# Trouble W/ age of empires 2 and vista 64 bit



## Toncold (May 31, 2009)

I'm having trouble with my Age of Empires Conqueror's Expansion. Everything has been loaded and installed, but when I try to play the games, it says "loading" then continues to a black screen. That is all that happens. The game is not running. Normally it would continue to the set-up screen for AOE to set up the game. I hit Ctrl/Alt/Del and then task manager and it says that the program is not responding. I'd like to get this game to work on my vista 64 bit laptop system Gateway MD 733.


----------



## Tiber Septim (Feb 9, 2006)

Hi Toncold, welcome to TSF.
I've had difficulty running AOE2 in Vista as well, I can't even recall if I managed to get it working.
Have you tried running the game in compatibility mode?

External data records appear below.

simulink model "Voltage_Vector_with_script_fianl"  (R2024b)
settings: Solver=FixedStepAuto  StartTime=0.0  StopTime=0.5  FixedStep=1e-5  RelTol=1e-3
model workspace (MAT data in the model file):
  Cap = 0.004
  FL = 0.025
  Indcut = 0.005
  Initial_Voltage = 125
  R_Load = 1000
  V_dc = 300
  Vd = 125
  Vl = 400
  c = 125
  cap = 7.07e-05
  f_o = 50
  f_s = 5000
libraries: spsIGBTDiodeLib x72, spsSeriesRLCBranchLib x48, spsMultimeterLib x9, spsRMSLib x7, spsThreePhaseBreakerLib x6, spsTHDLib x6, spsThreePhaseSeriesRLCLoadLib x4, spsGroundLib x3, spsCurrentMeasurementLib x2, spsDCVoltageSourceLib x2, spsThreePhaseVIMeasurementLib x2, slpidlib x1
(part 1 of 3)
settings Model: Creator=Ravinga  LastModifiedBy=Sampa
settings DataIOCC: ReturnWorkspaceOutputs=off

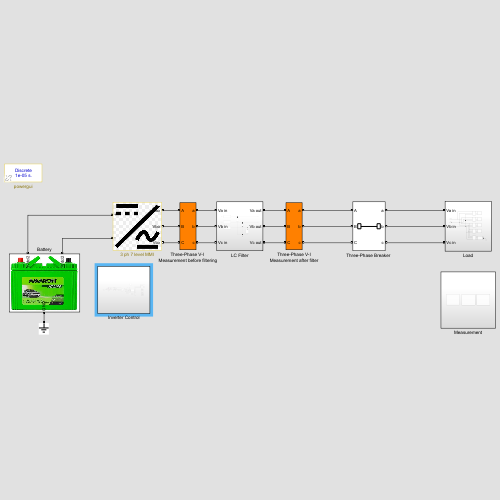
[thumbnail: Simulink's stored preview of the top-level diagram]
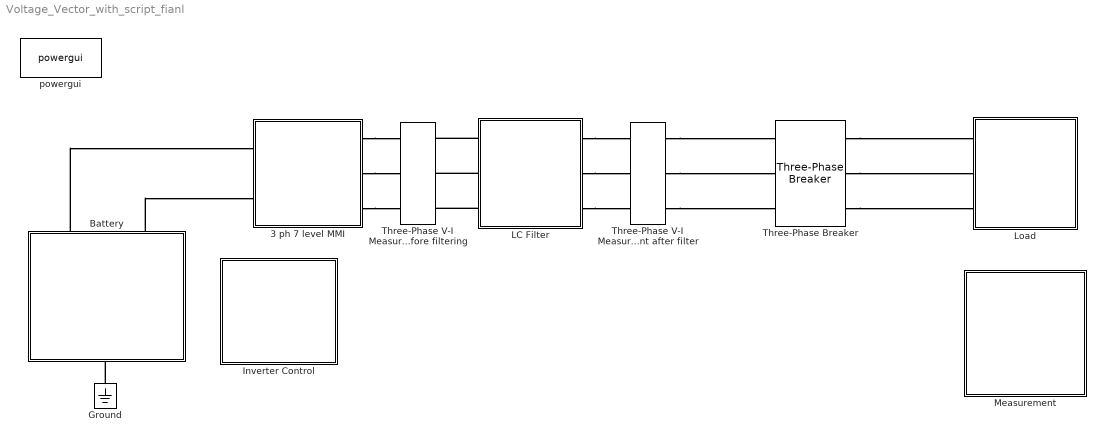
== system Voltage_Vector_with_script_fianl ==
  3 ph 7 level MMI : Subsystem
      mask Display: image('$imagefile'); % Use "Edit Image" on toolstrip to change.
  Battery : Subsystem
      settings: PortSchema="{\"entries\":[{\"content\":{\"sides\":[{\"content\":{},\"type\":\"ConnectorPlacement.EquallySpacedRectSide\",\"uuid\":\"8b3d1574-355a-4c35-8c5c-de7b51b3cb30\"},{\"content\":{\"side\":\"RIGHT\"},\"type\":\"ConnectorPlacement.EquallySpacedRectSide\",\"uuid\":\"59478119-0728-40d5-b667-b9fe531f9ab0\"},{\"content\":{\"connectorIds\":[\"LConn1\",\"LConn2\"],\"side\":\"TOP\"},\"type\":\"ConnectorPlacement.EquallySpacedRectSide\",\"uuid\":\"4590429d-f6cd-431e-b965-edb08c3a41e8\"},{\"content\":{\"connectorIds\":[\"RConn1\"],\"side\":\"BOTTOM\"},\"type\":\"ConnectorPlacement.EquallySpacedRectSide\",\"uuid\":\"66b38a99-a54a-47db-8935-0704255e048e\"}]},\"type\":\"ConnectorPlacement.EquallySpacedConnector\",\"uuid\":\"702254ea-54ff-4f66-b397-10c2b421dddc\"}],\"packageUris\":[\"http://schema.mathworks.com/mf0/Connector/R2020b\"],\"version\":\"1.0\"}"
      mask Display: image('12-v-amaron-battery.jpg');
  Ground : spsGroundLib/Ground  LConnTagsString=a
  Inverter Control : Subsystem
  LC Filter : Subsystem
  Load : Subsystem
  Measurement : Subsystem
  "Three-Phase Breaker " : spsThreePhaseBreakerLib/Three-Phase Breaker  InitialState=closed  SwitchA=on  SwitchB=on  SwitchC=on  SwitchTimes="[1/60  5/60]"  External=off  BreakerResistance=0.01  SnubberResistance=inf  SnubberCapacitance=inf  Measurements=None
  Three-Phase V-I Measurement after filter : spsThreePhaseVIMeasurementLib/Three-Phase V-I Measurement  VoltageMeasurement=phase-to-ground  SetLabelV=on  LabelV=Vabc_af  Vpu=off  VpuLL=off  CurrentMeasurement=yes  SetLabelI=on  LabelI=Iabc_af  Ipu=off  Pbase=100e6  Vbase=500e3  OutputType=Complex  PhasorSimulation=off  PSBequivalent=0
  Three-Phase V-I Measurement before filtering : spsThreePhaseVIMeasurementLib/Three-Phase V-I Measurement  VoltageMeasurement=phase-to-ground  SetLabelV=on  LabelV=Vabc_bf  Vpu=off  VpuLL=off  CurrentMeasurement=yes  SetLabelI=on  LabelI=Iabc_bf  Ipu=off  Pbase=100e6  Vbase=500e3  OutputType=Complex  PhasorSimulation=off  PSBequivalent=0
  powergui : spspowerguiLib/powergui  Priority=1  SimulationMode=Discrete  SampleTime=1e-5  frequency=60  Iterations=50  frequencyindice=0  Pbase=100e6  ErrMax=1e-4  UnitsV=kV  UnitsW=MW  buscounter=0  FunctionMessages=off  echomessages=off  EnableUseOfTLC=off  CurrentSourceSwitches=off  DisableSnubberDevices=off  DisableRonSwitches=off  DisableVfSwitches=off  DisplayEquations=off  AutomaticDiscreteSolvers=off  SolverType=Tustin/Backward Euler (TBE)  Interpol=off  ExternalGateDelay=off  methode=off  Ts=100  x0status=blocks  SPID=on  SwTol=0  HookPort=off  NonlinearTolerance=1e-4  nMaxIteration=100  ContinueOnMaxIteration=off  RestoreLinks=warning  ResistiveCurrentMeasurement=off  Frange=[0:2:500]  Ylog=off  Xlog=on  ShowGrid=off  save=off  variable=ZData  structure=0  ZoomFFT=off  StartTime=0.0  cycles=1  DisplayStyle=1  fundamental=60  FreqAxis=off  MaxFrequency=1000  frequencyindicesteady=1  RmsSteady=1  display=off
  connections:
  3 ph 7 level MMI/RConn1 -- Three-Phase V-I Measurement before filtering/LConn1
  3 ph 7 level MMI/RConn2 -- Three-Phase V-I Measurement before filtering/LConn2
  3 ph 7 level MMI/RConn3 -- Three-Phase V-I Measurement before filtering/LConn3
  "Three-Phase Breaker "/RConn1 -- Load/LConn1
  "Three-Phase Breaker "/RConn2 -- Load/LConn2
  "Three-Phase Breaker "/RConn3 -- Load/LConn3
  LC Filter/LConn1 -- Three-Phase V-I Measurement before filtering/RConn1
  LC Filter/LConn2 -- Three-Phase V-I Measurement before filtering/RConn2
  LC Filter/LConn3 -- Three-Phase V-I Measurement before filtering/RConn3
  LC Filter/RConn1 -- Three-Phase V-I Measurement after filter/LConn1
  LC Filter/RConn2 -- Three-Phase V-I Measurement after filter/LConn2
  LC Filter/RConn3 -- Three-Phase V-I Measurement after filter/LConn3
  Battery/LConn1 -- 3 ph 7 level MMI/LConn1
  Battery/LConn2 -- 3 ph 7 level MMI/LConn2
  Ground/LConn1 -- Battery/RConn1
  Three-Phase V-I Measurement after filter/RConn1 -- "Three-Phase Breaker "/LConn1
  Three-Phase V-I Measurement after filter/RConn2 -- "Three-Phase Breaker "/LConn2
  Three-Phase V-I Measurement after filter/RConn3 -- "Three-Phase Breaker "/LConn3

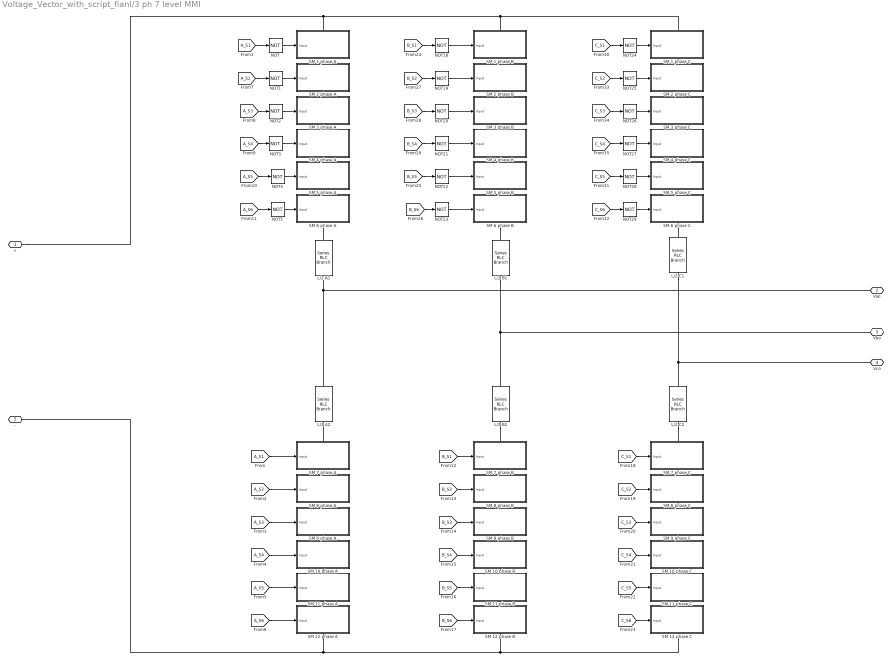
== system Voltage_Vector_with_script_fianl/3 ph 7 level MMI ==
  L/2 A1 : spsSeriesRLCBranchLib/Series RLC Branch  LConnTagsString=__new0  RConnTagsString=__new0  BranchType=L  Resistance=1  Inductance=Indcut  SetiL0=off  InitialCurrent=0  Capacitance=1e-6  Setx0=off  InitialVoltage=0  Measurements=Branch voltage and current
  L/2 A2 : spsSeriesRLCBranchLib/Series RLC Branch  LConnTagsString=__new0  RConnTagsString=__new0  BranchType=L  Resistance=1  Inductance=Indcut  SetiL0=off  InitialCurrent=0  Capacitance=1e-6  Setx0=off  InitialVoltage=0  Measurements=Branch voltage and current
  L/2 B1 : spsSeriesRLCBranchLib/Series RLC Branch  LConnTagsString=__new0  RConnTagsString=__new0  BranchType=L  Resistance=1  Inductance=Indcut  SetiL0=off  InitialCurrent=0  Capacitance=1e-6  Setx0=off  InitialVoltage=0  Measurements=Branch voltage and current
  L/2 B2 : spsSeriesRLCBranchLib/Series RLC Branch  LConnTagsString=__new0  RConnTagsString=__new0  BranchType=L  Resistance=1  Inductance=Indcut  SetiL0=off  InitialCurrent=0  Capacitance=1e-6  Setx0=off  InitialVoltage=0  Measurements=Branch voltage and current
  L/2 C1 : spsSeriesRLCBranchLib/Series RLC Branch  LConnTagsString=__new0  RConnTagsString=__new0  BranchType=L  Resistance=1  Inductance=Indcut  SetiL0=off  InitialCurrent=0  Capacitance=1e-6  Setx0=off  InitialVoltage=0  Measurements=Branch voltage and current
  L/2 C2 : spsSeriesRLCBranchLib/Series RLC Branch  LConnTagsString=__new0  RConnTagsString=__new0  BranchType=L  Resistance=1  Inductance=Indcut  SetiL0=off  InitialCurrent=0  Capacitance=1e-6  Setx0=off  InitialVoltage=0  Measurements=Branch voltage and current
  NOT{,1..5,18..29} (18 alike) : Logic  Operator=NOT  IconShape=distinctive  AllPortsSameDT=off  OutDataTypeStr=boolean
  SM 1 phase A : Subsystem
      settings: PortSchema="{\"entries\":[{\"content\":{\"sides\":[{\"content\":{\"connectorIds\":[\"In1\"]},\"type\":\"ConnectorPlacement.EquallySpacedRectSide\",\"uuid\":\"a2a6df29-5e25-4a5c-b62e-0f1ae4b64f0e\"},{\"content\":{\"connectorIds\":[],\"side\":\"RIGHT\"},\"type\":\"ConnectorPlacement.EquallySpacedRectSide\",\"uuid\":\"30b08227-6494-43ba-ab8b-c0acd0c21381\"},{\"content\":{\"connectorIds\":[\"LConn1\"],\"side\":\"TOP\"},\"type\":\"ConnectorPlacement.EquallySpacedRectSide\",\"uuid\":\"a6e05eb5-068d-4625-ba30-3a309ab3e04e\"},{\"content\":{\"connectorIds\":[\"RConn1\"],\"side\":\"BOTTOM\"},\"type\":\"ConnectorPlacement.EquallySpacedRectSide\",\"uuid\":\"593874a1-6541-4ba7-a8c9-20c2ddfecffb\"}]},\"type\":\"ConnectorPlacement.EquallySpacedConnector\",\"uuid\":\"7a0dd57a-dc4f-41ff-a1a4-3a20e1ff1320\"}],\"packageUris\":[\"http://schema.mathworks.com/mf0/Connector/R2020b\"],\"version\":\"1.0\"}"
  SM 1 phase B : Subsystem
      settings: PortSchema="{\"entries\":[{\"content\":{\"sides\":[{\"content\":{\"connectorIds\":[\"In1\"]},\"type\":\"ConnectorPlacement.EquallySpacedRectSide\",\"uuid\":\"a2a6df29-5e25-4a5c-b62e-0f1ae4b64f0e\"},{\"content\":{\"connectorIds\":[],\"side\":\"RIGHT\"},\"type\":\"ConnectorPlacement.EquallySpacedRectSide\",\"uuid\":\"30b08227-6494-43ba-ab8b-c0acd0c21381\"},{\"content\":{\"connectorIds\":[\"LConn1\"],\"side\":\"TOP\"},\"type\":\"ConnectorPlacement.EquallySpacedRectSide\",\"uuid\":\"a6e05eb5-068d-4625-ba30-3a309ab3e04e\"},{\"content\":{\"connectorIds\":[\"RConn1\"],\"side\":\"BOTTOM\"},\"type\":\"ConnectorPlacement.EquallySpacedRectSide\",\"uuid\":\"593874a1-6541-4ba7-a8c9-20c2ddfecffb\"}]},\"type\":\"ConnectorPlacement.EquallySpacedConnector\",\"uuid\":\"7a0dd57a-dc4f-41ff-a1a4-3a20e1ff1320\"}],\"packageUris\":[\"http://schema.mathworks.com/mf0/Connector/R2020b\"],\"version\":\"1.0\"}"
  SM 1 phase C : Subsystem
      settings: PortSchema="{\"entries\":[{\"content\":{\"sides\":[{\"content\":{\"connectorIds\":[\"In1\"]},\"type\":\"ConnectorPlacement.EquallySpacedRectSide\",\"uuid\":\"a2a6df29-5e25-4a5c-b62e-0f1ae4b64f0e\"},{\"content\":{\"connectorIds\":[],\"side\":\"RIGHT\"},\"type\":\"ConnectorPlacement.EquallySpacedRectSide\",\"uuid\":\"30b08227-6494-43ba-ab8b-c0acd0c21381\"},{\"content\":{\"connectorIds\":[\"LConn1\"],\"side\":\"TOP\"},\"type\":\"ConnectorPlacement.EquallySpacedRectSide\",\"uuid\":\"a6e05eb5-068d-4625-ba30-3a309ab3e04e\"},{\"content\":{\"connectorIds\":[\"RConn1\"],\"side\":\"BOTTOM\"},\"type\":\"ConnectorPlacement.EquallySpacedRectSide\",\"uuid\":\"593874a1-6541-4ba7-a8c9-20c2ddfecffb\"}]},\"type\":\"ConnectorPlacement.EquallySpacedConnector\",\"uuid\":\"7a0dd57a-dc4f-41ff-a1a4-3a20e1ff1320\"}],\"packageUris\":[\"http://schema.mathworks.com/mf0/Connector/R2020b\"],\"version\":\"1.0\"}"
  SM 10 phase A : Subsystem
      settings: PortSchema="{\"entries\":[{\"content\":{\"sides\":[{\"content\":{\"connectorIds\":[\"In1\"]},\"type\":\"ConnectorPlacement.EquallySpacedRectSide\",\"uuid\":\"a2a6df29-5e25-4a5c-b62e-0f1ae4b64f0e\"},{\"content\":{\"connectorIds\":[],\"side\":\"RIGHT\"},\"type\":\"ConnectorPlacement.EquallySpacedRectSide\",\"uuid\":\"30b08227-6494-43ba-ab8b-c0acd0c21381\"},{\"content\":{\"connectorIds\":[\"LConn1\"],\"side\":\"TOP\"},\"type\":\"ConnectorPlacement.EquallySpacedRectSide\",\"uuid\":\"a6e05eb5-068d-4625-ba30-3a309ab3e04e\"},{\"content\":{\"connectorIds\":[\"RConn1\"],\"side\":\"BOTTOM\"},\"type\":\"ConnectorPlacement.EquallySpacedRectSide\",\"uuid\":\"593874a1-6541-4ba7-a8c9-20c2ddfecffb\"}]},\"type\":\"ConnectorPlacement.EquallySpacedConnector\",\"uuid\":\"7a0dd57a-dc4f-41ff-a1a4-3a20e1ff1320\"}],\"packageUris\":[\"http://schema.mathworks.com/mf0/Connector/R2020b\"],\"version\":\"1.0\"}"
  SM 10 phase B : Subsystem
      settings: PortSchema="{\"entries\":[{\"content\":{\"sides\":[{\"content\":{\"connectorIds\":[\"In1\"]},\"type\":\"ConnectorPlacement.EquallySpacedRectSide\",\"uuid\":\"a2a6df29-5e25-4a5c-b62e-0f1ae4b64f0e\"},{\"content\":{\"connectorIds\":[],\"side\":\"RIGHT\"},\"type\":\"ConnectorPlacement.EquallySpacedRectSide\",\"uuid\":\"30b08227-6494-43ba-ab8b-c0acd0c21381\"},{\"content\":{\"connectorIds\":[\"LConn1\"],\"side\":\"TOP\"},\"type\":\"ConnectorPlacement.EquallySpacedRectSide\",\"uuid\":\"a6e05eb5-068d-4625-ba30-3a309ab3e04e\"},{\"content\":{\"connectorIds\":[\"RConn1\"],\"side\":\"BOTTOM\"},\"type\":\"ConnectorPlacement.EquallySpacedRectSide\",\"uuid\":\"593874a1-6541-4ba7-a8c9-20c2ddfecffb\"}]},\"type\":\"ConnectorPlacement.EquallySpacedConnector\",\"uuid\":\"7a0dd57a-dc4f-41ff-a1a4-3a20e1ff1320\"}],\"packageUris\":[\"http://schema.mathworks.com/mf0/Connector/R2020b\"],\"version\":\"1.0\"}"
  SM 10 phase C : Subsystem
      settings: PortSchema="{\"entries\":[{\"content\":{\"sides\":[{\"content\":{\"connectorIds\":[\"In1\"]},\"type\":\"ConnectorPlacement.EquallySpacedRectSide\",\"uuid\":\"a2a6df29-5e25-4a5c-b62e-0f1ae4b64f0e\"},{\"content\":{\"connectorIds\":[],\"side\":\"RIGHT\"},\"type\":\"ConnectorPlacement.EquallySpacedRectSide\",\"uuid\":\"30b08227-6494-43ba-ab8b-c0acd0c21381\"},{\"content\":{\"connectorIds\":[\"LConn1\"],\"side\":\"TOP\"},\"type\":\"ConnectorPlacement.EquallySpacedRectSide\",\"uuid\":\"a6e05eb5-068d-4625-ba30-3a309ab3e04e\"},{\"content\":{\"connectorIds\":[\"RConn1\"],\"side\":\"BOTTOM\"},\"type\":\"ConnectorPlacement.EquallySpacedRectSide\",\"uuid\":\"593874a1-6541-4ba7-a8c9-20c2ddfecffb\"}]},\"type\":\"ConnectorPlacement.EquallySpacedConnector\",\"uuid\":\"7a0dd57a-dc4f-41ff-a1a4-3a20e1ff1320\"}],\"packageUris\":[\"http://schema.mathworks.com/mf0/Connector/R2020b\"],\"version\":\"1.0\"}"
  SM 11 phase A : Subsystem
      settings: PortSchema="{\"entries\":[{\"content\":{\"sides\":[{\"content\":{\"connectorIds\":[\"In1\"]},\"type\":\"ConnectorPlacement.EquallySpacedRectSide\",\"uuid\":\"a2a6df29-5e25-4a5c-b62e-0f1ae4b64f0e\"},{\"content\":{\"connectorIds\":[],\"side\":\"RIGHT\"},\"type\":\"ConnectorPlacement.EquallySpacedRectSide\",\"uuid\":\"30b08227-6494-43ba-ab8b-c0acd0c21381\"},{\"content\":{\"connectorIds\":[\"LConn1\"],\"side\":\"TOP\"},\"type\":\"ConnectorPlacement.EquallySpacedRectSide\",\"uuid\":\"a6e05eb5-068d-4625-ba30-3a309ab3e04e\"},{\"content\":{\"connectorIds\":[\"RConn1\"],\"side\":\"BOTTOM\"},\"type\":\"ConnectorPlacement.EquallySpacedRectSide\",\"uuid\":\"593874a1-6541-4ba7-a8c9-20c2ddfecffb\"}]},\"type\":\"ConnectorPlacement.EquallySpacedConnector\",\"uuid\":\"7a0dd57a-dc4f-41ff-a1a4-3a20e1ff1320\"}],\"packageUris\":[\"http://schema.mathworks.com/mf0/Connector/R2020b\"],\"version\":\"1.0\"}"
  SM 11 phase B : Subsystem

Also try running the game as an Administrator by right clicking the icon and selecting 'Run as Administrator'.


----------



## Toncold (May 31, 2009)

Yes ive done both of those and it got me to this point. before that it would not even load. I down loaded a trial version of the game from microsoft's web site and it works fine but its only a trial version. also i have a desk top with vista and it works ok but it is a 32 bit sys.


----------



## McNinja (Jun 22, 2008)

Have you tried running it as XP Sp2 compatibility too?


----------



## Toncold (May 31, 2009)

Yep i've got it set in xp 2 now and it still does not work. Im frustrated because the trial version works from microsoft and ive tried several things that other people say has worked for them but most of them have desk tops.


----------



## Tiber Septim (Feb 9, 2006)

Have you tried installing the 1.0c patch?
It's located *here*, under the downloads heading.


----------